• [Exercise details]: Pull from the data below each line where the word "that" occurs, and copy it.

(Records from a dataset)
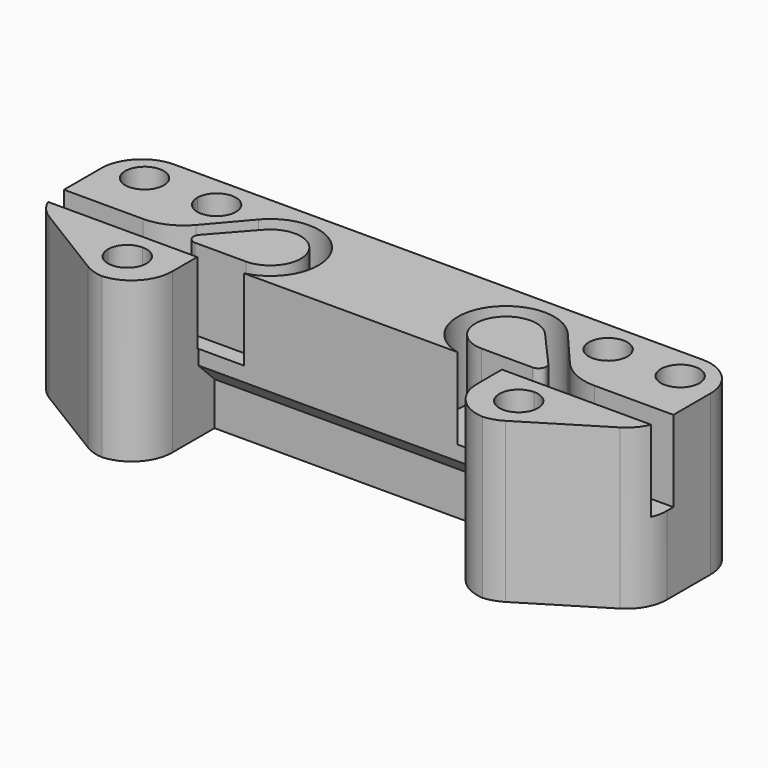
from build123d import *

# Parameters (mm, degrees)
F1_DEPTH    = 15.7
F2_W        = 10.0960650777
F2_H        = 2.35
F3_DEPTH    = 8
F4_R        = 5
F5_T1_DEPTH = 26.8923143391
F5_T3_DEPTH = 21.3473434867
F5_T5_DEPTH = 35.7
F6_W        = 15
F6_H        = 6.25
F7_DEPTH    = 2
F8_SIZE     = 1.99999


# Not quite as in the source:
# - a fillet or chamfer that OpenCascade refuses, or shapes differently, is made with other operations: its cross-section is extruded or revolved along the edge and cut away or added
# - a fillet or chamfer is up to 0.001 mm smaller than in the source, because OpenCascade refuses the exact size


with BuildPart() as f1:
    # F0 (on Top) → F1 (new body)
    with BuildSketch(Plane.XY):
        Polygon((30, 9), (0, 9), (0, -1.8), (15, -1.8), (15, -9), (19.5954625243, -9), (30, -2.6151265483), align=None)
        with BuildLine():
            ThreePointArc((21.17, -5.2), (17.9264971157, -6.5435028843), (19.27, -3.3))
            ThreePointArc((19.27, -3.3), (20.6135028843, -3.8564971157), (21.17, -5.2))
        make_face(mode=Mode.SUBTRACT)
        with BuildLine():
            ThreePointArc((19.27, 3.9), (17.9264971157, 7.1435028843), (21.17, 5.8))
            ThreePointArc((21.17, 5.8), (20.6135028843, 4.4564971157), (19.27, 3.9))
        make_face(mode=Mode.SUBTRACT)
        with BuildLine():
            ThreePointArc((24.47, 5.8), (26.37, 7.7), (28.27, 5.8))
            ThreePointArc((28.27, 5.8), (26.37, 3.9), (24.47, 5.8))
        make_face(mode=Mode.SUBTRACT)
    extrude(amount=F1_DEPTH)

    # F2 (on face) → F3 (cut)
    with BuildSketch(Plane.XY.offset(15.7)):
        with BuildLine():
            ThreePointArc((11.6039349223, -0.1749693412), (8.8681704068, 4.0561246908), (13.8492571677, 4.8146356484))
            Line((13.8492571677, 4.8146356484), (16.291649806, 2.0583304766))
            ThreePointArc((16.291649806, 2.0583304766), (16.3383380366, 2.4404176698), (16.3539349223, 2.8250306588))
            ThreePointArc((16.3539349223, 2.8250306588), (16.0600367861, 4.4699185515), (15.2147112678, 5.9112571869))
            ThreePointArc((15.2147112678, 5.9112571869), (7.5463441808, 5.2945361506), (10.5215341623, -1.8))
            Line((10.5215341623, -1.8), (12.6863356823, -1.8))
            ThreePointArc((12.6863356823, -1.8), (14.1212348386, -1.2030831841), (15.286664888, -0.1749693412))
            Line((15.286664888, -0.1749693412), (11.6039349223, -0.1749693412))
        make_face()
        with BuildLine():
            ThreePointArc((16.3539349223, 2.8250306588), (16.3383380366, 2.4404176698), (16.291649806, 2.0583304766))
            Line((16.291649806, 2.0583304766), (17.1652654837, 1.0724319062))
            ThreePointArc((17.1652654837, 1.0724319062), (17.3051830671, 0.8410213344), (17.3539349223, 0.5750306588))
            ThreePointArc((17.3539349223, 0.5750306588), (17.1342650082, 0.0447005729), (16.6039349223, -0.1749693412))
            Line((16.6039349223, -0.1749693412), (15.286664888, -0.1749693412))
            ThreePointArc((15.286664888, -0.1749693412), (14.1212348386, -1.2030831841), (12.6863356823, -1.8))
            Line((12.6863356823, -1.8), (15, -1.8))
            Line((15, -1.8), (15, -1.9249693412))
            Line((15, -1.9249693412), (19.9039349223, -1.9249693412))
            Line((19.9039349223, -1.9249693412), (19.9039349223, 0.4250306588))
            Line((19.9039349223, 0.4250306588), (15.2147112678, 5.9112571869))
            ThreePointArc((15.2147112678, 5.9112571869), (16.0600367861, 4.4699185515), (16.3539349223, 2.8250306588))
        make_face()
        with Locations((24.9519674612, -0.7499693412)):
            Rectangle(F2_W, F2_H)
    extrude(amount=-F3_DEPTH, mode=Mode.SUBTRACT)

    # F4
    f4_edges = [f1.edges().sort_by_distance(p)[0] for p in [
        (19.903935, 0.425031, 11.7),
    ]]
    fillet(f4_edges, radius=F4_R)

    # F5: fillet of radius 4 on 4 edges, made by hand

    # F5_s2 → F5_t1 (cut)
    with BuildSketch(Plane.XY.offset(-5.5961571696)):
        with BuildLine():
            ThreePointArc((30, -0.3766636805), (29.4905957559, -2.3300559271), (28.0921293656, -3.7859150232))
            Line((28.0921293656, -3.7859150232), (30, -2.6151265483))
            Line((30, -2.6151265483), (30, -0.3766636805))
        make_face()
    extrude(amount=F5_T1_DEPTH, mode=Mode.SUBTRACT)

    # F5_s4 → F5_t3 (cut)
    with BuildSketch(Plane.XY.offset(-2.8236717433)):
        with BuildLine():
            ThreePointArc((20.5581231925, -8.4092513427), (19.5529608525, -8.8494808332), (18.465993827, -9))
            Line((18.465993827, -9), (19.5954625243, -9))
            Line((19.5954625243, -9), (20.5581231925, -8.4092513427))
        make_face()
    extrude(amount=F5_T3_DEPTH, mode=Mode.SUBTRACT)

    # F5_s6 → F5_t5 (cut)
    with BuildSketch(Plane.XY.offset(-10)):
        with BuildLine():
            ThreePointArc((15, -5), (16.1715728753, -7.8284271247), (19, -9))
            Line((19, -9), (15, -9))
            Line((15, -9), (15, -5))
        make_face()
        with BuildLine():
            ThreePointArc((30, 5), (28.8284271247, 7.8284271247), (26, 9))
            Line((26, 9), (30, 9))
            Line((30, 9), (30, 5))
        make_face()
    extrude(amount=F5_T5_DEPTH, mode=Mode.SUBTRACT)

    # F6 (on face) → F7 (cut)
    with BuildSketch(Plane.XZ.offset(1.8)):
        with Locations((7.5, 3.125)):
            Rectangle(F6_W, F6_H)
    extrude(amount=-F7_DEPTH, mode=Mode.SUBTRACT)

    # F8 (size 2 in the source; OpenCascade refuses exactly that, so slightly less here)
    f8_edges = [f1.edges().sort_by_distance(p)[0] for p in [
        (7.5, 0.2, 6.25),
    ]]
    chamfer(f8_edges, length=F8_SIZE)

    # F9: F1 across plane


with BuildPart() as f1_1:
    add(f1.part)
    add(f1.part.mirror(Plane.YZ))


solid = f1_1.part

• [Finished task]:
# - a fillet or chamfer that OpenCascade refuses, or shapes differently, is made with other operations: its cross-section is extruded or revolved along the edge and cut away or added
    # F8 (size 2 in the source; OpenCascade refuses exactly that, so slightly less here)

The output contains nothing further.